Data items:

※

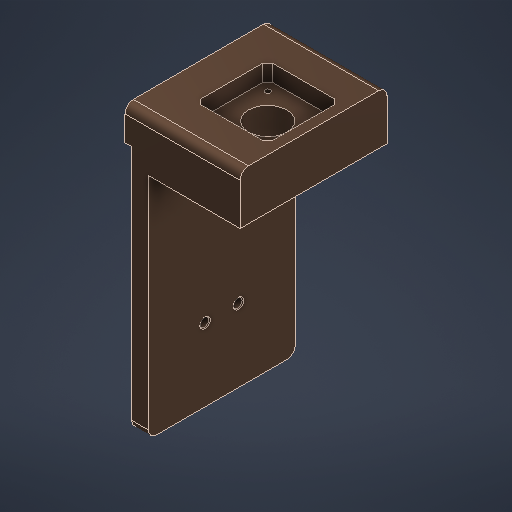
# Autodesk Inventor part: Z Bracket
Saved by Autodesk Inventor 2027.1 (Build 311270010, 270A)
## iProperties
Created: 2026-10-04
Part Number: Z Bracket
Material: PC/ABS Plastic
Document SubType Name: Modeling
Designer: Ahmed
Density: 1.1 g/cm^3
Appearance: Bronze - Satin
Author: Ahmed
Autodesk Inventor part; units mm, degrees
ref_plane "YZ Plane" through (0, 0, 0) normal (1, 0, 0) x (0, 1, 0)
ref_plane "XZ Plane" through (0, 0, 0) normal (0, 1, 0) x (-1, 0, 0)
ref_plane "XY Plane" through (0, 0, 0) normal (0, 0, 1) x (1, 0, 0)
sketch "Sketch1" plane through (0, 0, 0) normal (1, 0, 0) x (0, 1, 0)
  line L0 (-78.5, -44) -> (78.5, -44)
  line L1 (83.5, -39) -> (83.5, 39)
  line L2 (78.5, 44) -> (-78.5, 44)
  line L3 (-83.5, 39) -> (-83.5, -39)
  line L4 (-83.5, -44) -> (83.5, 44) construction
  line L5 (83.5, -44) -> (-83.5, 44) construction
  line L6 (-20, -20) -> (20, -20)
  line L7 (20, -20) -> (20, 20)
  line L8 (20, 20) -> (-20, 20)
  line L9 (-20, 20) -> (-20, -20)
  line L10 (-20, -20) -> (20, 20) construction
  line L11 (20, -20) -> (-20, 20) construction
  circle A0 centre (20, 20) radius 7
  circle A1 centre (20, -20) radius 7
  circle A2 centre (-20, 20) radius 7
  circle A3 centre (-20, -20) radius 7
  arc A4 (83.5, 39) -> (78.5, 44) centre (78.5, 39) ccw
  arc A5 (78.5, -44) -> (83.5, -39) centre (78.5, -39) ccw
  arc A6 (-83.5, -39) -> (-78.5, -44) centre (-78.5, -39) ccw
  arc A7 (-78.5, 44) -> (-83.5, 39) centre (-78.5, 39) ccw
  line L12 (53.5, 44) -> (53.5, -44)
  line L13 (63.5, -44) -> (63.5, 44)
  circle A8 centre (-39.85, -10) radius 2.65
  circle A9 centre (39.85, -10) radius 2.65
  circle A10 centre (-39.85, 10) radius 2.65
  circle A11 centre (39.85, 10) radius 2.65
  point P0 (0, 0)
  dimension "d0" = 167
  dimension "d1" = 88
  dimension "d2" = 40
  dimension "d3" = 40
  dimension "d4" = 14
  dimension "d7" = 40
  dimension "d10" = 40
  dimension "d15" = 5
  dimension "d16" = 30
  dimension "d49" = 20
  dimension "d53" = 5.3
  dimension "d54" = 10
  dimension "d55" = 39.85
  dimension "d58" = 79.7
  dimension "d61" = 20
  constraints: 28 end point, 12 centre point, 12 point on line, 8 point on circle, 8 tangent, 4 horizontal, 4 midpoint, 4 parallel, 4 perpendicular, 3 equal radius, 2 vertical, 1 coincident, 12 other
  measures "d0" distance of L5.end L4.end
  measures "d1" distance of L4.end L5.start
  measures "d2" distance of L8.end L7.end
  measures "d3" distance of L7.end L6.end
  measures "d4" diameter of A0
  measures "d7" distance of A0.centre A1.centre
  measures "d10" distance of A0.centre A2.centre
  measures "d15" radius of A4
  measures "d16" distance between parallel lines of L1 L12
  measures "d49" distance between parallel lines of L13 L1
  measures "d53" diameter of A8
  measures "d54" vertical distance of point (0, 0) A8.centre
  measures "d55" horizontal distance of point (0, 0) A8.centre
  measures "d58" distance of A8.centre A9.centre
  measures "d61" distance of A8.centre A10.centre
extrude "Extrusion1" add sketch "Sketch1" along normal blind 10 contours A6 L3 A7 L2 L12 L0 | L12 L2 L13 L0 | L13 L2 A4 L1 A5 L0 | L9 A3 L6 | L6 A3 L9 | A3 L9 A2 L8 A0 L7 A1 L6 | A1 L7 L6 | L6 L7 A1 | A2 L8 L9 | L9 L8 A2 | A0 L8 L7 | L7 L8 A0 | A8 | A9 | A10 | A11
extrude "Extrusion2" add sketch "Sketch1" along normal blind 55 from surface at 10 contours L12 L2 L13 L0 | L13 L2 A4 L1 A5 L0
extrude "Extrusion3" cut sketch "Sketch1" along normal blind 3 contours L9 A3 L6 | L6 A3 L9 | A1 L7 L6 | L6 L7 A1 | A2 L8 L9 | L9 L8 A2 | A0 L8 L7 | L7 L8 A0
fillet "Fillet1" radius 1 4 edges at (0, 13, -20) (0, 13, 20) (0, -27, 20) (0, -27, -20)
sketch "Sketch2" plane through (65, 83.5, 39) normal (0, 1, 0) x (1, 0, 0)
  line L0 (-55, 83) -> (-55, -5) projected
  line L1 (-55, 39) -> (0, 39)
  line L2 (0, 83) -> (0, -5) projected
  line L3 (-9, 60.5) -> (-46, 60.5)
  line L4 (-49, 57.5) -> (-49, 20.5)
  line L5 (-46, 17.5) -> (-9, 17.5)
  line L6 (-6, 20.5) -> (-6, 57.5)
  line L7 (-6, 60.5) -> (-49, 17.5) construction
  line L8 (-49, 60.5) -> (-6, 17.5) construction
  line L9 (-43, 23.5) -> (-12, 23.5)
  line L10 (-12, 23.5) -> (-12, 54.5)
  line L11 (-12, 54.5) -> (-43, 54.5)
  line L12 (-43, 54.5) -> (-43, 23.5)
  line L13 (-43, 23.5) -> (-12, 54.5) construction
  line L14 (-12, 23.5) -> (-43, 54.5) construction
  circle A0 centre (-43, 23.5) radius 1.65
  circle A1 centre (-43, 54.5) radius 1.65
  circle A2 centre (-12, 23.5) radius 1.65
  circle A3 centre (-12, 54.5) radius 1.65
  line L15 (-49, 20.5) -> (-46, 17.5)
  line L16 (-49, 57.5) -> (-46, 60.5)
  line L17 (-9, 60.5) -> (-6, 57.5)
  line L18 (-6, 20.5) -> (-9, 17.5)
  circle A4 centre (-27.5, 39) radius 11.5
  point P0 (-65, 39)
  dimension "d24" = 43
  dimension "d25" = 43
  dimension "d26" = 31
  dimension "d27" = 31
  dimension "d28" = 3.3
  dimension "d31" = 31
  dimension "d34" = 31
  dimension "d37" = 3
  dimension "d38" = 3
  dimension "d39" = 3
  dimension "d40" = 3
  dimension "d41" = 3
  dimension "d42" = 3
  dimension "d43" = 3
  dimension "d44" = 3
  dimension "d52" = 23
  constraints: 34 end point, 8 point on line, 7 midpoint, 5 centre point, 4 parallel, 3 horizontal, 2 coincident, 2 perpendicular, 1 vertical, 6 other
  measures "d24" distance of L8.end L7.end
  measures "d25" distance of L7.end L8.start
  measures "d26" distance of L11.end L10.end
  measures "d27" distance of L10.end L9.end
  measures "d28" diameter of A0
  measures "d31" distance of A0.centre A1.centre
  measures "d34" distance of A0.centre A2.centre
  measures "d37" distance of L4.end L7.end
  measures "d38" distance of L5.start L7.end
  measures "d39" distance of L4.start L8.start
  measures "d40" distance of L3.end L8.start
  measures "d41" distance of L3.start L7.start
  measures "d42" distance of L6.end L7.start
  measures "d43" distance of L6.start L8.end
  measures "d44" distance of L5.end L8.end
  measures "d52" diameter of A4
extrude "Extrusion5" cut sketch "Sketch2" against normal through all contours A4 L1 | L1 A4 | A1 L11 L12 | L12 L11 A1 | A0 L9 L12 | L12 L9 A0 | A3 L10 L11 | L11 L10 A3 | A2 L10 L9 | L9 L10 A2
extrude "Extrusion6" cut sketch "Sketch2" against normal blind 10
extrude "Extrusion7" add sketch "Sketch1" against normal blind 4 contours L13 L2 A4 L1 A5 L0
extrude "Extrusion8" cut sketch "Sketch1" along normal through all contours A8 | A9 | A10 | A11
chamfer "Chamfer1" distance 0.5 angle 45 8 edges at (10, 37.2, 10) (10, 37.2, -10) (10, -42.5, 10) (10, -42.5, -10) (20.35, 53.5, 15.5) (51.35, 53.5, 15.5) (51.35, 53.5, -15.5) (20.35, 53.5, -15.5)
equation "\"d58\" = 2 * d55"
equation "\"d61\" = 2 * d54"
equation "\"d31\" = d26"
equation "\"d34\" = d26"
equation "\"d38\" = d37"
equation "\"d39\" = d37"
equation "\"d40\" = d39"
equation "\"d41\" = d37"
equation "\"d42\" = d41"
equation "\"d43\" = d37"
equation "\"d44\" = d43"
body "Solid1"

※

• _Work order_: Looking at the data above, show all lines where the word "blind" occurs.

• _Exercise output_:
extrude "Extrusion1" add sketch "Sketch1" along normal blind 10 contours A6 L3 A7 L2 L12 L0 | L12 L2 L13 L0 | L13 L2 A4 L1 A5 L0 | L9 A3 L6 | L6 A3 L9 | A3 L9 A2 L8 A0 L7 A1 L6 | A1 L7 L6 | L6 L7 A1 | A2 L8 L9 | L9 L8 A2 | A0 L8 L7 | L7 L8 A0 | A8 | A9 | A10 | A11
extrude "Extrusion2" add sketch "Sketch1" along normal blind 55 from surface at 10 contours L12 L2 L13 L0 | L13 L2 A4 L1 A5 L0
extrude "Extrusion3" cut sketch "Sketch1" along normal blind 3 contours L9 A3 L6 | L6 A3 L9 | A1 L7 L6 | L6 L7 A1 | A2 L8 L9 | L9 L8 A2 | A0 L8 L7 | L7 L8 A0
extrude "Extrusion6" cut sketch "Sketch2" against normal blind 10
extrude "Extrusion7" add sketch "Sketch1" against normal blind 4 contours L13 L2 A4 L1 A5 L0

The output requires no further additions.